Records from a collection
■ ■ ■ ■ ■ ■ ■

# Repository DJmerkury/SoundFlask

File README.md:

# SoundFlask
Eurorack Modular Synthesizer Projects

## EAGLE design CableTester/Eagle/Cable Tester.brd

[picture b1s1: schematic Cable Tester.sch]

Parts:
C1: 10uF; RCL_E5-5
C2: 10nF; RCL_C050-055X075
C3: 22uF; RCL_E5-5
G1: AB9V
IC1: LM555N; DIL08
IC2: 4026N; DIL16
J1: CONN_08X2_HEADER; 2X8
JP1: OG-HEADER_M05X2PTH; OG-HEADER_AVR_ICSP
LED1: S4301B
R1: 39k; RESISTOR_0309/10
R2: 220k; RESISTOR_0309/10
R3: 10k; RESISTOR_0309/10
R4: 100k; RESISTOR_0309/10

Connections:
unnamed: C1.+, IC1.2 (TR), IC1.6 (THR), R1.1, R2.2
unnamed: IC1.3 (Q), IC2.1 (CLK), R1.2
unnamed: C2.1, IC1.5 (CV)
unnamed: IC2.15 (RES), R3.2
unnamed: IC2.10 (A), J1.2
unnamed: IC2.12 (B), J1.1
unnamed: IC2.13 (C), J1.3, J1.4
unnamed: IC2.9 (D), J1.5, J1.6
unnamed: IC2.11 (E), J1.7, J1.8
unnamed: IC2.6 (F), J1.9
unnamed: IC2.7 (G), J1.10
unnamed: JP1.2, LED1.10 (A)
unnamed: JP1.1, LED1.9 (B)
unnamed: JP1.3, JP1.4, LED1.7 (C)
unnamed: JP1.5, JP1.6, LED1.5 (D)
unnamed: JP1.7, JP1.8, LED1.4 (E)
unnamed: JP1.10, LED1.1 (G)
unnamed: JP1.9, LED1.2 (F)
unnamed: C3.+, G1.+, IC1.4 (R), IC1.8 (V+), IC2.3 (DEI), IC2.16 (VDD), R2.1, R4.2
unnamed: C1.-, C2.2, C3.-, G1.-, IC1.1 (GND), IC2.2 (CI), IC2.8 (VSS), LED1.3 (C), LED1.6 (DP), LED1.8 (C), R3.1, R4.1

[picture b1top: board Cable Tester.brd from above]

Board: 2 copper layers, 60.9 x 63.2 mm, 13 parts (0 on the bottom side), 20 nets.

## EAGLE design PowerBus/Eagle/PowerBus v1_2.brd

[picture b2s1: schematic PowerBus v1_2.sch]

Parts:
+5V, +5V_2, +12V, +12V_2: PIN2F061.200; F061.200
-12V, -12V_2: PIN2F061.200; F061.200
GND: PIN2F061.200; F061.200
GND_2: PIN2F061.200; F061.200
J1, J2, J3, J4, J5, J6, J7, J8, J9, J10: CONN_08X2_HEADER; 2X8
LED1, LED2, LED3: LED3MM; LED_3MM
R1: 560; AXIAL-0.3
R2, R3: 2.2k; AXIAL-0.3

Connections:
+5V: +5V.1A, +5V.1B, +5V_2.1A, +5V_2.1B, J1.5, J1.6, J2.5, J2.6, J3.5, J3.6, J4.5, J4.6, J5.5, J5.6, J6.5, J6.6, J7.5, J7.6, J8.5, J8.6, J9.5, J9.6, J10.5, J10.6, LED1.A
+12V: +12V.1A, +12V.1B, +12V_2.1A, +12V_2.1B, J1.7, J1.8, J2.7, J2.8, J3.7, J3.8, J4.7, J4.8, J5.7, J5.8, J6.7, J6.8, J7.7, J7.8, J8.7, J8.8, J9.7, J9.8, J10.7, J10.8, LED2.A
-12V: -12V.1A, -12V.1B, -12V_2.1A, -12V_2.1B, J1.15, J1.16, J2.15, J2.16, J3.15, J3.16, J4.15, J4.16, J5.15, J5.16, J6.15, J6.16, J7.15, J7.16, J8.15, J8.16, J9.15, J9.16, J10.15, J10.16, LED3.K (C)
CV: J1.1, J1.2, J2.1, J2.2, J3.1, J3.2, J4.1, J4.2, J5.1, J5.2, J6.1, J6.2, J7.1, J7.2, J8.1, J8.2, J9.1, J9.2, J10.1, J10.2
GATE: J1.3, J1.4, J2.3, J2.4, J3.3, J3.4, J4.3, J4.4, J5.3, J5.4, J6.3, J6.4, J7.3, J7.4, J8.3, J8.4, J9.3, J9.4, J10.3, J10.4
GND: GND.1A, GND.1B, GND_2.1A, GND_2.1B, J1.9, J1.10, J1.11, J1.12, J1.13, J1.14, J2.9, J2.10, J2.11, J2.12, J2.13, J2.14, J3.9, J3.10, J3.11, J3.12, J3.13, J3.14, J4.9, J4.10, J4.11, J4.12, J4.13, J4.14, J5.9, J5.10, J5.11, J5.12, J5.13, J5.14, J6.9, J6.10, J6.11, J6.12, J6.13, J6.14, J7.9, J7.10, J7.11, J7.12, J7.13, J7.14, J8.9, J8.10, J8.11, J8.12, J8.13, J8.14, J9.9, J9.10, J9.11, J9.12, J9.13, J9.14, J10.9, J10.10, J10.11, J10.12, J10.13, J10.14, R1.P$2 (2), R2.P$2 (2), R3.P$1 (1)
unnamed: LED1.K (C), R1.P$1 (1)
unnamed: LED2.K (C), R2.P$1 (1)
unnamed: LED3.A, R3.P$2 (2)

■ ■ ■ ■ ■ ■ ■

In full and without alteration, retype the entries above.

# Repository DJmerkury/SoundFlask

File README.md:

# SoundFlask
Eurorack Modular Synthesizer Projects

## EAGLE design CableTester/Eagle/Cable Tester.brd

[picture b1s1: schematic Cable Tester.sch]

Parts:
C1: 10uF; RCL_E5-5
C2: 10nF; RCL_C050-055X075
C3: 22uF; RCL_E5-5
G1: AB9V
IC1: LM555N; DIL08
IC2: 4026N; DIL16
J1: CONN_08X2_HEADER; 2X8
JP1: OG-HEADER_M05X2PTH; OG-HEADER_AVR_ICSP
LED1: S4301B
R1: 39k; RESISTOR_0309/10
R2: 220k; RESISTOR_0309/10
R3: 10k; RESISTOR_0309/10
R4: 100k; RESISTOR_0309/10

Connections:
unnamed: C1.+, IC1.2 (TR), IC1.6 (THR), R1.1, R2.2
unnamed: IC1.3 (Q), IC2.1 (CLK), R1.2
unnamed: C2.1, IC1.5 (CV)
unnamed: IC2.15 (RES), R3.2
unnamed: IC2.10 (A), J1.2
unnamed: IC2.12 (B), J1.1
unnamed: IC2.13 (C), J1.3, J1.4
unnamed: IC2.9 (D), J1.5, J1.6
unnamed: IC2.11 (E), J1.7, J1.8
unnamed: IC2.6 (F), J1.9
unnamed: IC2.7 (G), J1.10
unnamed: JP1.2, LED1.10 (A)
unnamed: JP1.1, LED1.9 (B)
unnamed: JP1.3, JP1.4, LED1.7 (C)
unnamed: JP1.5, JP1.6, LED1.5 (D)
unnamed: JP1.7, JP1.8, LED1.4 (E)
unnamed: JP1.10, LED1.1 (G)
unnamed: JP1.9, LED1.2 (F)
unnamed: C3.+, G1.+, IC1.4 (R), IC1.8 (V+), IC2.3 (DEI), IC2.16 (VDD), R2.1, R4.2
unnamed: C1.-, C2.2, C3.-, G1.-, IC1.1 (GND), IC2.2 (CI), IC2.8 (VSS), LED1.3 (C), LED1.6 (DP), LED1.8 (C), R3.1, R4.1

[picture b1top: board Cable Tester.brd from above]

Board: 2 copper layers, 60.9 x 63.2 mm, 13 parts (0 on the bottom side), 20 nets.

## EAGLE design PowerBus/Eagle/PowerBus v1_2.brd

[picture b2s1: schematic PowerBus v1_2.sch]

Parts:
+5V, +5V_2, +12V, +12V_2: PIN2F061.200; F061.200
-12V, -12V_2: PIN2F061.200; F061.200
GND: PIN2F061.200; F061.200
GND_2: PIN2F061.200; F061.200
J1, J2, J3, J4, J5, J6, J7, J8, J9, J10: CONN_08X2_HEADER; 2X8
LED1, LED2, LED3: LED3MM; LED_3MM
R1: 560; AXIAL-0.3
R2, R3: 2.2k; AXIAL-0.3

Connections:
+5V: +5V.1A, +5V.1B, +5V_2.1A, +5V_2.1B, J1.5, J1.6, J2.5, J2.6, J3.5, J3.6, J4.5, J4.6, J5.5, J5.6, J6.5, J6.6, J7.5, J7.6, J8.5, J8.6, J9.5, J9.6, J10.5, J10.6, LED1.A
+12V: +12V.1A, +12V.1B, +12V_2.1A, +12V_2.1B, J1.7, J1.8, J2.7, J2.8, J3.7, J3.8, J4.7, J4.8, J5.7, J5.8, J6.7, J6.8, J7.7, J7.8, J8.7, J8.8, J9.7, J9.8, J10.7, J10.8, LED2.A
-12V: -12V.1A, -12V.1B, -12V_2.1A, -12V_2.1B, J1.15, J1.16, J2.15, J2.16, J3.15, J3.16, J4.15, J4.16, J5.15, J5.16, J6.15, J6.16, J7.15, J7.16, J8.15, J8.16, J9.15, J9.16, J10.15, J10.16, LED3.K (C)
CV: J1.1, J1.2, J2.1, J2.2, J3.1, J3.2, J4.1, J4.2, J5.1, J5.2, J6.1, J6.2, J7.1, J7.2, J8.1, J8.2, J9.1, J9.2, J10.1, J10.2
GATE: J1.3, J1.4, J2.3, J2.4, J3.3, J3.4, J4.3, J4.4, J5.3, J5.4, J6.3, J6.4, J7.3, J7.4, J8.3, J8.4, J9.3, J9.4, J10.3, J10.4
GND: GND.1A, GND.1B, GND_2.1A, GND_2.1B, J1.9, J1.10, J1.11, J1.12, J1.13, J1.14, J2.9, J2.10, J2.11, J2.12, J2.13, J2.14, J3.9, J3.10, J3.11, J3.12, J3.13, J3.14, J4.9, J4.10, J4.11, J4.12, J4.13, J4.14, J5.9, J5.10, J5.11, J5.12, J5.13, J5.14, J6.9, J6.10, J6.11, J6.12, J6.13, J6.14, J7.9, J7.10, J7.11, J7.12, J7.13, J7.14, J8.9, J8.10, J8.11, J8.12, J8.13, J8.14, J9.9, J9.10, J9.11, J9.12, J9.13, J9.14, J10.9, J10.10, J10.11, J10.12, J10.13, J10.14, R1.P$2 (2), R2.P$2 (2), R3.P$1 (1)
unnamed: LED1.K (C), R1.P$1 (1)
unnamed: LED2.K (C), R2.P$1 (1)
unnamed: LED3.A, R3.P$2 (2)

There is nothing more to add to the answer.